In spite of efforts to reach Davidson County’s Hispanic residents, who make up 19.3% of the county’s current 2,776 COVID-19 cases, testing has decreased this week, said Fabian Bedne in his two weekly Spanish language press conferences.
Bedne, a former Metro Councilmember who serves as planner in Mayor John Cooper’s office, provides the conferences as part of the city’s effort to reach the area’s Hispanic population.
As part of the At-Risk Nashvillian COVID Response Plan, Metro officials began reaching out to public and private facilities in June in order to better reach the hard-hit immigrant community. At its peak in June, immigrants accounted for 30% of COVID-19 cases, and although that figure has gone down, Metro officials encourage people to get tested, said Bedne.

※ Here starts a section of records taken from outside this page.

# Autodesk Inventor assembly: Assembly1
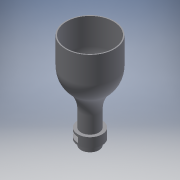
[picture p0: Inventor's stored thumbnail of the model, 180x180]
Saved by Autodesk Inventor 2018.3 (Build 223284000, 284)
## iProperties
Created: 2020-03-27
Part Number: Assembly1
Document SubType Name: Assembly
Designer: ToreDenStore
Author: ToreDenStore
## Documents named in this file (3)
- C:\Users\ToreDenStore\Documents\Inventor\Funnel wind turbine\Assembly1.iam
- C:\Users\ToreDenStore\Documents\Inventor\Funnel wind turbine\Outer tube.ipt
- C:\Users\ToreDenStore\Documents\Inventor\Funnel wind turbine\Rotator.ipt
## Components (2 placed, 2 different names)
1. Outer tube:1 — Rotational:1
2. Rotator:1 — Rotational:1
## Relationships (1: RevoluteJoint 1)
- Rotational:1 [RevoluteJoint]: Outer tube:1 ↔ Rotator:1
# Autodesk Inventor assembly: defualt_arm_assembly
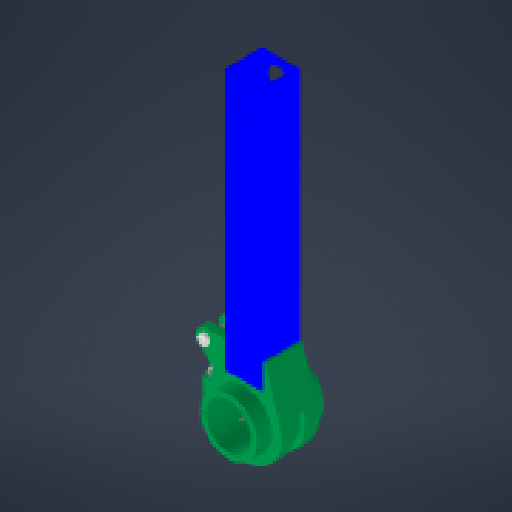
[picture p0: Inventor's stored thumbnail of the model, 512x512]
Saved by Autodesk Inventor 2024 (Build 280153000, 153)
## iProperties
Created: 2023-09-26
Part Number: defualt_arm_assembly
Document SubType Name: Assembly
Designer: user
Author: user
## Documents named in this file (6)
- D:\Docs\Robot\3d_v2\machine_body\arm_assembly\defualt_arm_assembly.iam
- D:\Docs\Robot\3d_v2\base\arm.ipt
- D:\Docs\Robot\3d_v2\machine_body\arm_assembly\motor_holder.ipt
- C:\Users\user\Documents\Inventor\Content Center Files\R2024\ru-RU\DIN 7985 (H)\DIN 7985 (H) - M3x22-H.ipt
- C:\Users\user\Documents\Inventor\Content Center Files\R2024\ru-RU\DIN 6924\DIN 6924 - M3 x 0,5.ipt
- C:\Users\user\Documents\Inventor\Content Center Files\R2024\ru-RU\DIN 7985 (H)\DIN 7985 (H) - M3x18-H.ipt
## Components (8 placed, 5 different names)
1. arm:1 — Совмещение:1, Совмещение:2, Совмещение:3, Совмещение:4, Совмещение:5, Совмещение:6
2. motor_holder:1 — Совмещение:4, Совмещение:5, Совмещение:6, Совмещение:17, Совмещение:18, Совмещение:19, Совмещение:20, Совмещение:21, Совмещение:22, Совмещение:23, Совмещение:24, Совмещение:25, Совмещение:26, Совмещение:27, Совмещение:28
3. DIN 7985 (H) M3x22-H:3 — Совмещение:17, Совмещение:18
4. DIN 6924 - заменено на DIN EN ISO 7040/10512 M3:3 — Совмещение:19, Совмещение:20
5. DIN 7985 (H) M3x18-H:1 — Совмещение:21, Совмещение:22
6. DIN 6924 - заменено на DIN EN ISO 7040/10512 M3:4 — Совмещение:23, Совмещение:24
7. DIN 7985 (H) M3x18-H:2 — Совмещение:25, Совмещение:26
8. DIN 6924 - заменено на DIN EN ISO 7040/10512 M3:5 — Совмещение:27, Совмещение:28
## Relationships (18: Mate 18)
- Совмещение:1 [Mate]: arm:1
- Совмещение:2 [Mate]: arm:1
- Совмещение:3 [Mate]: arm:1
- Совмещение:4 [Mate]: arm:1 ↔ motor_holder:1
- Совмещение:5 [Mate]: arm:1 ↔ motor_holder:1
- Совмещение:6 [Mate]: arm:1 ↔ motor_holder:1
- Совмещение:17 [Mate]: motor_holder:1 ↔ DIN 7985 (H) M3x22-H:3
- Совмещение:18 [Mate]: motor_holder:1 ↔ DIN 7985 (H) M3x22-H:3
- Совмещение:19 [Mate]: motor_holder:1 ↔ DIN 6924 - заменено на DIN EN ISO 7040/10512 M3:3
- Совмещение:20 [Mate]: motor_holder:1 ↔ DIN 6924 - заменено на DIN EN ISO 7040/10512 M3:3
- Совмещение:21 [Mate]: motor_holder:1 ↔ DIN 7985 (H) M3x18-H:1
- Совмещение:22 [Mate]: motor_holder:1 ↔ DIN 7985 (H) M3x18-H:1
- Совмещение:23 [Mate]: motor_holder:1 ↔ DIN 6924 - заменено на DIN EN ISO 7040/10512 M3:4
- Совмещение:24 [Mate]: motor_holder:1 ↔ DIN 6924 - заменено на DIN EN ISO 7040/10512 M3:4
- Совмещение:25 [Mate]: motor_holder:1 ↔ DIN 7985 (H) M3x18-H:2
- Совмещение:26 [Mate]: motor_holder:1 ↔ DIN 7985 (H) M3x18-H:2
- Совмещение:27 [Mate]: motor_holder:1 ↔ DIN 6924 - заменено на DIN EN ISO 7040/10512 M3:5
- Совмещение:28 [Mate]: motor_holder:1 ↔ DIN 6924 - заменено на DIN EN ISO 7040/10512 M3:5
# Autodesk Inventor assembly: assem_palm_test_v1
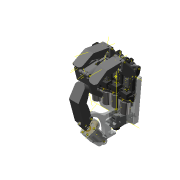
[picture p0: Inventor's stored thumbnail of the model, 180x180]
Saved by Autodesk Inventor 2014 (Build 180170000, 170)
## iProperties
Created: 2015-05-07
Part Number: assem_palm_test_v1
Document SubType Name: Assembly
Designer: Martin
Author: Martin
## Documents named in this file (16)
- C:\Users\Martin\Dropbox\biohand-mec\biohand_v1\palm\assem_palm_test_v3.iam
- C:\Users\Martin\Dropbox\biohand-mec\biohand_v1\fingers\index\assem_finger_index.iam
- C:\Users\Martin\Dropbox\biohand-mec\biohand_v1\fingers\middle\assem_finger_middle.iam
- C:\Users\Martin\Dropbox\biohand-mec\biohand_v1\fingers\ring\assem_finger_ring.iam
- C:\Users\Martin\Dropbox\biohand-mec\biohand_v1\fingers\pinky\assem_finger_pinky.iam
- C:\Users\Martin\Dropbox\biohand-mec\biohand_v1\palm\palm_back_v5.ipt
- C:\Users\Martin\Dropbox\biohand-mec\biohand_v1\misc\micro_servo.ipt
- C:\Users\Martin\Dropbox\biohand-mec\biohand_v1\palm\servo_clamp_v2.ipt
- C:\Users\Martin\Dropbox\biohand-mec\biohand_v1\misc\bearing_10_4_3.ipt
- C:\Users\Martin\Dropbox\biohand-mec\biohand_v1\fingers\thumb\thumb_base_v2.ipt
- C:\Users\Martin\Dropbox\biohand-mec\biohand_v1\misc\m3_10_screw.ipt
- C:\Users\Martin\Dropbox\biohand-mec\biohand_v1\fingers\thumb\assem_finger_thumb_linact_v3.iam
- C:\Users\Martin\Dropbox\biohand-mec\biohand_v1\fingers\thumb\assem_linact_thumb_rod.iam
- C:\Users\Martin\Dropbox\biohand-mec\biohand_v1\fingers\thumb\thumb_phalanx_v2_a.ipt
- C:\Users\Martin\Dropbox\biohand-mec\biohand_v1\misc\servo_square_pot.ipt
- C:\Users\Martin\Dropbox\biohand-mec\biohand_v1\misc\m2_8_screw.ipt
## Components (19 placed, 15 different names)
1. palm_back_v5:1 — Flush:1, Flush:2, Flush:3, Mate:1, Mate:2, Mate:3, Mate:4, Mate:5, Mate:6, Mate:7, Mate:8, Mate:9, Mate:10, Mate:11, Mate:12, Mate:13, Angle:1, Mate:17, Mate:18, Mate:19, Mate:20
2. assem_finger_index:1 [sub-assembly] — Mate:1, Mate:2, Mate:3
3. assem_finger_middle:1 [sub-assembly] — Mate:4, Mate:7, Mate:10
4. assem_finger_ring:1 [sub-assembly] — Mate:5, Mate:8, Mate:11
5. assem_finger_pinky:1 [sub-assembly] — Mate:6, Mate:9, Mate:12
6. micro_servo:1 — Mate:13, Angle:1, Mate:22
7. bearing_10_4_3:1 — Insert:12
8. thumb_base_v2:2 — Angle:2, Insert:4, Insert:5, Mate:18, Insert:13, Insert:14
9. m3_10_screw:1 — Insert:13
10. assem_finger_thumb_linact_v3:1 [sub-assembly] — Insert:4, Mate:15, Angle:3, Insert:10, Insert:11
11. assem_linact_thumb_rod:1 [sub-assembly] — Mate:15, Angle:3, Mate:16
12. servo_square_pot:1 — Insert:7, Angle:4
13. m2_8_screw:1 — Insert:6
14. m2_8_screw:2 — Insert:9
15. m2_8_screw:3 — Insert:8
16. thumb_phalanx_v2_a:1 — Insert:5, Mate:16, Insert:6, Insert:7, Angle:4, Insert:8, Insert:9
17. m2_8_screw:4 — Insert:10
18. m2_8_screw:5 — Insert:11
19. servo_clamp_v2:1 — Mate:19, Angle:5, Mate:20, Insert:12, Mate:22, Insert:14
## Relationships (39: Mate 20, Insert 11, Angle 5, Flush 3)
- Flush:1: palm_back_v5:1
- Flush:2: palm_back_v5:1
- Flush:3: palm_back_v5:1
- Mate:1: palm_back_v5:1 ↔ assem_finger_index:1
- Mate:2: palm_back_v5:1 ↔ assem_finger_index:1
- Mate:3: palm_back_v5:1 ↔ assem_finger_index:1
- Mate:4: palm_back_v5:1 ↔ assem_finger_middle:1
- Mate:5: palm_back_v5:1 ↔ assem_finger_ring:1
- Mate:6: palm_back_v5:1 ↔ assem_finger_pinky:1
- Mate:7: palm_back_v5:1 ↔ assem_finger_middle:1
- Mate:8: palm_back_v5:1 ↔ assem_finger_ring:1
- Mate:9: palm_back_v5:1 ↔ assem_finger_pinky:1
- Mate:10: palm_back_v5:1 ↔ assem_finger_middle:1
- Mate:11: palm_back_v5:1 ↔ assem_finger_ring:1
- Mate:12: palm_back_v5:1 ↔ assem_finger_pinky:1
- Mate:13: palm_back_v5:1 ↔ micro_servo:1
- Angle:1 (0 deg): palm_back_v5:1 ↔ micro_servo:1
- Angle:2 (0 deg): thumb_base_v2:2
- Insert:4 (0.5 mm): thumb_base_v2:2 ↔ assem_finger_thumb_linact_v3:1
- Mate:15: assem_finger_thumb_linact_v3:1 ↔ assem_linact_thumb_rod:1
- Angle:3 (0 deg): assem_finger_thumb_linact_v3:1 ↔ assem_linact_thumb_rod:1
- Insert:5 (0.5 mm): thumb_base_v2:2 ↔ thumb_phalanx_v2_a:1
- Mate:16: assem_linact_thumb_rod:1 ↔ thumb_phalanx_v2_a:1
- Insert:6: m2_8_screw:1 ↔ thumb_phalanx_v2_a:1
- Insert:7: servo_square_pot:1 ↔ thumb_phalanx_v2_a:1
- Angle:4 (180 deg): servo_square_pot:1 ↔ thumb_phalanx_v2_a:1
- Insert:8: m2_8_screw:3 ↔ thumb_phalanx_v2_a:1
- Insert:9: m2_8_screw:2 ↔ thumb_phalanx_v2_a:1
- Insert:10: assem_finger_thumb_linact_v3:1 ↔ m2_8_screw:4
- Insert:11: assem_finger_thumb_linact_v3:1 ↔ m2_8_screw:5
- Mate:17: palm_back_v5:1
- Mate:18: palm_back_v5:1 ↔ thumb_base_v2:2
- Mate:19: palm_back_v5:1 ↔ servo_clamp_v2:1
- Angle:5 (0 deg): servo_clamp_v2:1
- Mate:20: palm_back_v5:1 ↔ servo_clamp_v2:1
- Insert:12: bearing_10_4_3:1 ↔ servo_clamp_v2:1
- Insert:13: thumb_base_v2:2 ↔ m3_10_screw:1
- Mate:22: micro_servo:1 ↔ servo_clamp_v2:1
- Insert:14 (0.25 mm): thumb_base_v2:2 ↔ servo_clamp_v2:1

He acknowledged that many immigrant laborers work long hours and have difficulties in getting tested. The At-Risk plan sought to address this issue by cooperating with community centers, such as churches and cultural centers, to make testing more accessible. Residents can also get tested at Meharry Hospital and Nissan Stadium.
Bedne reminds those who seek to avoid wearing masks due to medical reasons to stay home.
“Prevent infecting yourself as to not infect others,” said Bedne.
As of Thursday, 210 Nashvillians have died, and 167 are currently hospitalized.
People within the age range of 25-34 report the most COVID cases, but those in older demographics account for most of the deaths.